**Problem statement**
Copy word for word, please, the lines of the entries below running from the one containing "- Жесткий:5 [WeldJoint]: NEMA17" to the one containing "- Жесткий:9 [WeldJoint]", both ends included.

[Records excerpted from a collection]
====
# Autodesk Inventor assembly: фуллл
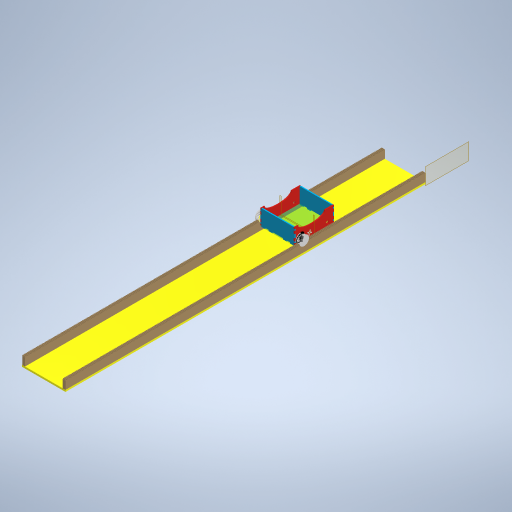
[picture p0: Inventor's stored thumbnail of the model, 512x512]
Saved by Autodesk Inventor 2024.2 (Build 282272000, 272)
## iProperties
Created: 2025-11-20
Part Number: фуллл
Document SubType Name: Assembly
Designer: Zakhar
Mass: 774.945 g
Surface Area: 2621.06 cm^2
Volume: 774.945 cm^3
Density: 1 g/cm^3
Author: Zakhar
## Documents named in this file (11)
- C:\Users\Zakhar\Documents\Artist\3D\Робот.iam
- C:\Users\Zakhar\Documents\Artist\3D\NEMA17 42-40.ipt
- C:\Users\Zakhar\Documents\Artist\3D\боковая стенка.ipt
- C:\Users\Zakhar\Documents\Artist\3D\Муфта.ipt
- C:\Users\Zakhar\Documents\Artist\3D\передняя стенка.ipt
- C:\Users\Zakhar\Documents\Artist\3D\Шест.ipt
- C:\Users\Zakhar\Documents\Artist\3D\Нижняя крышка.ipt
- C:\Users\Zakhar\Documents\Artist\3D\крепление подшипника_1.ipt
- C:\Users\Zakhar\Documents\Artist\3D\Муфта_MIR.ipt
- C:\Users\Zakhar\Documents\Artist\3D\Шест_MIR.ipt
- C:\Users\Zakhar\Documents\Artist\3D\полигон етз\полигон етз.ipt
## Components (13 placed, 10 different names)
1. NEMA17 42-40:1 — Жесткий:5, С поворотом:2
2. боковая стенка:1 — Жесткий:2, Жесткий:7, Симметрия:1
3. Муфта:1 — С поворотом:1, Жесткий:8
4. передняя стенка:1 — Жесткий:3
5. Шест:1 — Жесткий:8, Заподлицо:1
6. боковая стенка:2 — Жесткий:1, Жесткий:3, Жесткий:5, Совмещение:2, Симметрия:1
7. передняя стенка:2 — Жесткий:1, Жесткий:2, Жесткий:6
8. Нижняя крышка:1 — Жесткий:6, Совмещение:1
9. NEMA17 42-40:2 — Жесткий:7, С поворотом:1
10. крепление подшипника_1:1
11. Муфта_MIR:1 — Жесткий:9, С поворотом:2
12. Шест_MIR:1 — Жесткий:9
13. полигон етз:1 — Совмещение:3, Заподлицо:1
## Relationships (15: WeldJoint 8, Mate 3, RevoluteJoint 2, Symmetry 1, Flush 1)
- Жесткий:1 [WeldJoint]: боковая стенка:2 ↔ передняя стенка:2
- Жесткий:2 [WeldJoint]: боковая стенка:1 ↔ передняя стенка:2
- Жесткий:3 [WeldJoint]: передняя стенка:1 ↔ боковая стенка:2
- Жесткий:5 [WeldJoint]: NEMA17 42-40:1 ↔ боковая стенка:2
- Жесткий:6 [WeldJoint]: передняя стенка:2 ↔ Нижняя крышка:1
- Совмещение:1 [Mate]: Нижняя крышка:1
- Совмещение:2 [Mate]: боковая стенка:2
- Жесткий:7 [WeldJoint]: боковая стенка:1 ↔ NEMA17 42-40:2
- С поворотом:1 [RevoluteJoint]: Муфта:1 ↔ NEMA17 42-40:2
- Жесткий:8 [WeldJoint]: Муфта:1 ↔ Шест:1
- Симметрия:1 [Symmetry]: боковая стенка:1 ↔ боковая стенка:2
- Жесткий:9 [WeldJoint] (-4 mm): Муфта_MIR:1 ↔ Шест_MIR:1
- С поворотом:2 [RevoluteJoint]: NEMA17 42-40:1 ↔ Муфта_MIR:1
- Совмещение:3 [Mate] (-40.826 mm): полигон етз:1
- Заподлицо:1 [Flush] (4 mm): Шест:1 ↔ полигон етз:1
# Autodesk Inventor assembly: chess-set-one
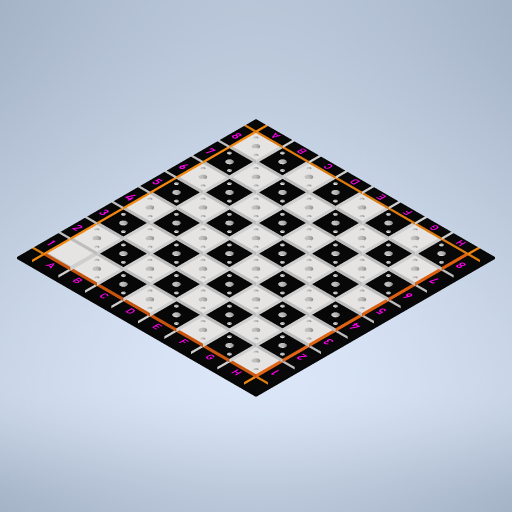
[picture p0: Inventor's stored thumbnail of the model, 512x512]
Saved by Autodesk Inventor 2024.1 (Build 281209000, 209)
## iProperties
Created: 2025-07-31
Part Number: chess-set-one
Document SubType Name: Assembly
Designer: iwheard
Author: iwheard
## Documents named in this file (8)
- C:\Users\iwheard\Documents\0004-CAD\3D-cad-main\chess-set\chess-set-one.iam
- C:\Users\iwheard\Documents\0004-CAD\3D-cad-main\chess-set\board.ipt
- C:\Users\iwheard\Documents\0004-CAD\3D-cad-main\chess-set\pawn-white-v2.ipt
- C:\Users\iwheard\Documents\0004-CAD\3D-cad-main\chess-set\queen-white.ipt
- C:\Users\iwheard\Documents\0004-CAD\3D-cad-main\chess-set\king-white.ipt
- C:\Users\iwheard\Documents\0004-CAD\3D-cad-main\chess-set\bishop-white.ipt
- C:\Users\iwheard\Documents\0004-CAD\3D-cad-main\chess-set\knight-white.ipt
- C:\Users\iwheard\Documents\0004-CAD\3D-cad-main\chess-set\rook-white.ipt
## Components (7 placed, 7 different names)
1. board:1 — Mate:1, Angle:1, Mate:2, Mate:3, Mate:4, Mate:5, Mate:6, Mate:7
2. pawn-white-v2:1 — Mate:1, Angle:1, Mate:7
3. queen-white:1 — Mate:3
4. king-white:1 — Mate:2
5. bishop-white:1 — Mate:4
6. knight-white:1 — Mate:5
7. rook-white:1 — Mate:6
## Relationships (8: Mate 7, Angle 1)
- Mate:1: board:1 ↔ pawn-white-v2:1
- Angle:1 (0 deg): board:1 ↔ pawn-white-v2:1
- Mate:2: board:1 ↔ king-white:1
- Mate:3: board:1 ↔ queen-white:1
- Mate:4: board:1 ↔ bishop-white:1
- Mate:5: board:1 ↔ knight-white:1
- Mate:6: board:1 ↔ rook-white:1
- Mate:7: board:1 ↔ pawn-white-v2:1
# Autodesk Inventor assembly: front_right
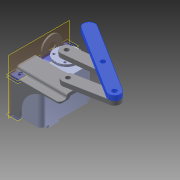
[picture p0: Inventor's stored thumbnail of the model, 180x180]
Saved by Autodesk Inventor 2014 (Build 180170000, 170)
## iProperties
Created: 2015-03-09
Part Number: front_right
Document SubType Name: Assembly
Designer: Hideyuki Takei
Author: Hideyuki Takei
## Documents named in this file (7)
- C:\Users\hide\Desktop\soth-bonsai\cad\front_right.iam
- C:\Users\hide\Desktop\soth-bonsai\cad\RS304MD_ServoHorn.ipt
- C:\Users\hide\Desktop\soth-bonsai\cad\RS304md-simple.ipt
- C:\Users\hide\Desktop\soth-bonsai\cad\servo-holder.ipt
- C:\Users\hide\Desktop\soth-bonsai\cad\link_long.ipt
- C:\Users\hide\Desktop\soth-bonsai\cad\link_short.ipt
- C:\Users\hide\Desktop\soth-bonsai\cad\leg.ipt
## Components (6 placed, 6 different names)
1. RS304MD_ServoHorn:1 — メイト:2, メイト:3, メイト:11
2. RS304md-simple:1 — メイト:2, メイト:3, メイト:4, メイト:5, メイト:6, メイト:10
3. servo-holder:1 — メイト:4, メイト:5, メイト:6, メイト:7, メイト:9, メイト:16, メイト:17
4. link_long:1 — メイト:7, メイト:9, メイト:12, メイト:13
5. link_short:1 — メイト:10, メイト:11, メイト:14, メイト:15
6. leg:1 — メイト:12, メイト:13, メイト:14, メイト:15
## Relationships (15: Mate 15)
- メイト:2 [Mate]: RS304MD_ServoHorn:1 ↔ RS304md-simple:1
- メイト:3 [Mate]: RS304MD_ServoHorn:1 ↔ RS304md-simple:1
- メイト:4 [Mate]: RS304md-simple:1 ↔ servo-holder:1
- メイト:5 [Mate]: RS304md-simple:1 ↔ servo-holder:1
- メイト:6 [Mate]: RS304md-simple:1 ↔ servo-holder:1
- メイト:7 [Mate]: servo-holder:1 ↔ link_long:1
- メイト:9 [Mate]: servo-holder:1 ↔ link_long:1
- メイト:10 [Mate]: RS304md-simple:1 ↔ link_short:1
- メイト:11 [Mate]: RS304MD_ServoHorn:1 ↔ link_short:1
- メイト:12 [Mate]: link_long:1 ↔ leg:1
- メイト:13 [Mate]: link_long:1 ↔ leg:1
- メイト:14 [Mate]: link_short:1 ↔ leg:1
- メイト:15 [Mate]: link_short:1 ↔ leg:1
- メイト:16 [Mate]: servo-holder:1
- メイト:17 [Mate]: servo-holder:1
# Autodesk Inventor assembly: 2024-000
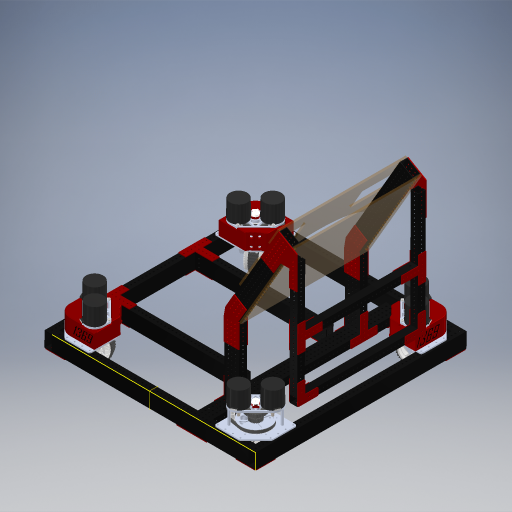
[picture p0: Inventor's stored thumbnail of the model, 512x512]
Saved by Autodesk Inventor 2024.2 (Build 282272000, 272)
## iProperties
Created: 2024-01-07
Part Number: 2024-000
Document SubType Name: Assembly
Designer: rohan
Author: rohan
## Documents named in this file (4)
- C:\Users\rohan\OneDrive - Hillsborough County Public Schools\Robotics\FIRST-Robotics-Competition\Crescendo\Minotaur-Crescendo-Robot\2024-000.iam
- C:\Users\rohan\OneDrive - Hillsborough County Public Schools\Robotics\FIRST-Robotics-Competition\Crescendo\Minotaur-Crescendo-Robot\Swerve-Drivetrain.iam
- C:\Users\rohan\OneDrive - Hillsborough County Public Schools\Robotics\FIRST-Robotics-Competition\Crescendo\Minotaur-Crescendo-Robot\Structure\Superstructure\Fixed Shooter\2024-210-Fixed-Shootaur.iam
- C:\Users\rohan\OneDrive - Hillsborough County Public Schools\Robotics\FIRST-Robotics-Competition\Crescendo\Minotaur-Crescendo-Robot\Structure\Gussets\THRIFYBOT-T-Gusset.ipt
## Components (6 placed, 3 different names)
1. Swerve-Drivetrain:1 [sub-assembly] — Tangent:1, Flush:1, Flush:4, Mate:4, Insert:1, Flush:8, Insert:3
2. 2024-210-Fixed-Shootaur:1 [sub-assembly] — Flush:1, Mate:3, Mate:4, Insert:2, Mate:6, Flush:7, Insert:4
3. THRIFYBOT-T-Gusset:1 — Flush:2, Flush:3, Mate:2
4. THRIFYBOT-T-Gusset:2 — Flush:2, Flush:3, Mate:2, Mate:3, Flush:4, Insert:1, Insert:2
5. THRIFYBOT-T-Gusset:3
6. THRIFYBOT-T-Gusset:4 — Mate:6, Flush:7, Flush:8, Insert:3, Insert:4
## Relationships (18: Flush 8, Mate 5, Insert 4, Tangent 1)
- Tangent:1: Swerve-Drivetrain:1
- Flush:1: Swerve-Drivetrain:1 ↔ 2024-210-Fixed-Shootaur:1
- Flush:2: THRIFYBOT-T-Gusset:1 ↔ THRIFYBOT-T-Gusset:2
- Flush:3: THRIFYBOT-T-Gusset:1 ↔ THRIFYBOT-T-Gusset:2
- Mate:2 (50.8 mm): THRIFYBOT-T-Gusset:1 ↔ THRIFYBOT-T-Gusset:2
- Mate:3: 2024-210-Fixed-Shootaur:1 ↔ THRIFYBOT-T-Gusset:2
- Flush:4: Swerve-Drivetrain:1 ↔ THRIFYBOT-T-Gusset:2
- Mate:4: Swerve-Drivetrain:1 ↔ 2024-210-Fixed-Shootaur:1
- Insert:1: Swerve-Drivetrain:1 ↔ THRIFYBOT-T-Gusset:2
- Insert:2: 2024-210-Fixed-Shootaur:1 ↔ THRIFYBOT-T-Gusset:2
- [Flush]: THRIFYBOT-T-Gusset:3 ↔ THRIFYBOT-T-Gusset:4
- [Flush]: THRIFYBOT-T-Gusset:3 ↔ THRIFYBOT-T-Gusset:4
- [Mate] (50.8 mm): THRIFYBOT-T-Gusset:3 ↔ THRIFYBOT-T-Gusset:4
- Mate:6: 2024-210-Fixed-Shootaur:1 ↔ THRIFYBOT-T-Gusset:4
- Flush:7: 2024-210-Fixed-Shootaur:1 ↔ THRIFYBOT-T-Gusset:4
- Flush:8: Swerve-Drivetrain:1 ↔ THRIFYBOT-T-Gusset:4
- Insert:3: Swerve-Drivetrain:1 ↔ THRIFYBOT-T-Gusset:4
- Insert:4: 2024-210-Fixed-Shootaur:1 ↔ THRIFYBOT-T-Gusset:4
## Named parameters: d132_d120 = 0 mm, d133_d121 = 0 mm, d134_d122 = 50.8 mm
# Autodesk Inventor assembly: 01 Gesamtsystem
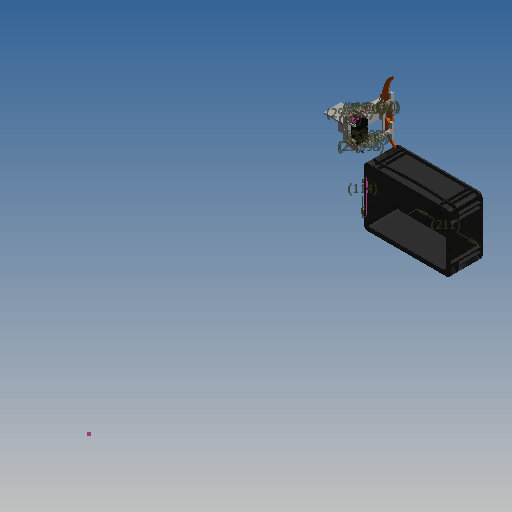
[picture p0: Inventor's stored thumbnail of the model, 512x512]
Saved by Autodesk Inventor 2026.2 (Build 302298000, 298)
## iProperties
Part Number: 01 Gesamtsystem
Document SubType Name: Baugruppe
Designer: Schally
Author: Schally
## Documents named in this file (11)
- E:\06 Carologistics\02 Zeichnungen Greifer System\01 Gesamtsystem.iam
- E:\06 Carologistics\02 Zeichnungen Greifer System\01-01 Gripper_Basis_2 Servo System.ipt
- E:\06 Carologistics\02 Zeichnungen Greifer System\01-02-01 Sandard-Servo.ipt
- E:\06 Carologistics\02 Zeichnungen Greifer System\01-02-03 Gripper neu rechts.ipt
- E:\06 Carologistics\02 Zeichnungen Greifer System\01-03-01 Zange Links.iam
- E:\06 Carologistics\02 Zeichnungen Greifer System\01-03-02 Zange rechts.iam
- E:\06 Carologistics\02 Zeichnungen Greifer System\01-03-05 Muttern.ipt
- E:\06 Carologistics\02 Zeichnungen Greifer System\01-03-06 Schraube unten.ipt
- E:\06 Carologistics\02 Zeichnungen Greifer System\01-05 Absicherung Richtung Kugellager.ipt
- E:\06 Carologistics\02 Zeichnungen Greifer System\00 Zeichnung Box.ipt
- E:\06 Carologistics\02 Zeichnungen Greifer System\01-02-02 Gripper neu links.ipt
## Components (14 placed, 10 different names)
1. 01-01 Gripper_Basis_2 Servo System:1 — Einfügen:1, Passend:1, Passend:20, Passend:21, Passend:22, Passend:23, Passend:24, Passend:25, Passend:28
2. 01-02-01 Sandard-Servo:1 — Passend:20, Passend:21, Passend:22, Passend:26
3. 01-02-03 Gripper neu rechts:1 — Passend:26
4. 01-03-01 Zange Links:1 [sub-assembly] — Passend:3, Passend:5, Passend:9
5. 01-03-02 Zange rechts:1 [sub-assembly] — Passend:2, Passend:10, Passend:11
6. 01-03-05 Muttern:1 — Passend:4, Passend:5
7. 01-03-06 Schraube unten:1 — Einfügen:2, Passend:2, Passend:3, Passend:4, Passend:6, Passend:7, Passend:8, Passend:12
8. 01-05 Absicherung Richtung Kugellager:1 — Einfügen:1, Passend:1, Einfügen:2
9. 01-03-05 Muttern:2 — Passend:8, Passend:11, Passend:12
10. 01-03-05 Muttern:3 — Passend:6, Passend:10, Passend:13
11. 01-03-05 Muttern:4 — Passend:7, Passend:9, Passend:13
12. 00 Zeichnung Box:1 — Passend:28
13. 01-02-01 Sandard-Servo:2 — Passend:23, Passend:24, Passend:25, Passend:27
14. 01-02-02 Gripper neu links:1 — Passend:27
## Relationships (24: Mate 22, Insert 2)
- Einfügen:1 [Insert]: 01-01 Gripper_Basis_2 Servo System:1 ↔ 01-05 Absicherung Richtung Kugellager:1
- Passend:1 [Mate]: 01-01 Gripper_Basis_2 Servo System:1 ↔ 01-05 Absicherung Richtung Kugellager:1
- Einfügen:2 [Insert]: 01-03-06 Schraube unten:1 ↔ 01-05 Absicherung Richtung Kugellager:1
- Passend:2 [Mate]: 01-03-02 Zange rechts:1 ↔ 01-03-06 Schraube unten:1
- Passend:3 [Mate]: 01-03-01 Zange Links:1 ↔ 01-03-06 Schraube unten:1
- Passend:4 [Mate]: 01-03-05 Muttern:1 ↔ 01-03-06 Schraube unten:1
- Passend:5 [Mate]: 01-03-01 Zange Links:1 ↔ 01-03-05 Muttern:1
- Passend:6 [Mate]: 01-03-06 Schraube unten:1 ↔ 01-03-05 Muttern:3
- Passend:7 [Mate]: 01-03-06 Schraube unten:1 ↔ 01-03-05 Muttern:4
- Passend:8 [Mate]: 01-03-06 Schraube unten:1 ↔ 01-03-05 Muttern:2
- Passend:9 [Mate]: 01-03-01 Zange Links:1 ↔ 01-03-05 Muttern:4
- Passend:10 [Mate]: 01-03-02 Zange rechts:1 ↔ 01-03-05 Muttern:3
- Passend:11 [Mate]: 01-03-02 Zange rechts:1 ↔ 01-03-05 Muttern:2
- Passend:12 [Mate]: 01-03-06 Schraube unten:1 ↔ 01-03-05 Muttern:2
- Passend:13 [Mate]: 01-03-05 Muttern:3 ↔ 01-03-05 Muttern:4
- Passend:20 [Mate]: 01-01 Gripper_Basis_2 Servo System:1 ↔ 01-02-01 Sandard-Servo:1
- Passend:21 [Mate]: 01-01 Gripper_Basis_2 Servo System:1 ↔ 01-02-01 Sandard-Servo:1
- Passend:22 [Mate]: 01-01 Gripper_Basis_2 Servo System:1 ↔ 01-02-01 Sandard-Servo:1
- Passend:23 [Mate]: 01-01 Gripper_Basis_2 Servo System:1 ↔ 01-02-01 Sandard-Servo:2
- Passend:24 [Mate]: 01-01 Gripper_Basis_2 Servo System:1 ↔ 01-02-01 Sandard-Servo:2
- Passend:25 [Mate]: 01-01 Gripper_Basis_2 Servo System:1 ↔ 01-02-01 Sandard-Servo:2
- Passend:26 [Mate]: 01-02-01 Sandard-Servo:1 ↔ 01-02-03 Gripper neu rechts:1
- Passend:27 [Mate]: 01-02-01 Sandard-Servo:2 ↔ 01-02-02 Gripper neu links:1
- Passend:28 [Mate]: 01-01 Gripper_Basis_2 Servo System:1 ↔ 00 Zeichnung Box:1
====
**Result of the exercise**
- Жесткий:5 [WeldJoint]: NEMA17 42-40:1 ↔ боковая стенка:2
- Жесткий:6 [WeldJoint]: передняя стенка:2 ↔ Нижняя крышка:1
- Совмещение:1 [Mate]: Нижняя крышка:1
- Совмещение:2 [Mate]: боковая стенка:2
- Жесткий:7 [WeldJoint]: боковая стенка:1 ↔ NEMA17 42-40:2
- С поворотом:1 [RevoluteJoint]: Муфта:1 ↔ NEMA17 42-40:2
- Жесткий:8 [WeldJoint]: Муфта:1 ↔ Шест:1
- Симметрия:1 [Symmetry]: боковая стенка:1 ↔ боковая стенка:2
- Жесткий:9 [WeldJoint] (-4 mm): Муфта_MIR:1 ↔ Шест_MIR:1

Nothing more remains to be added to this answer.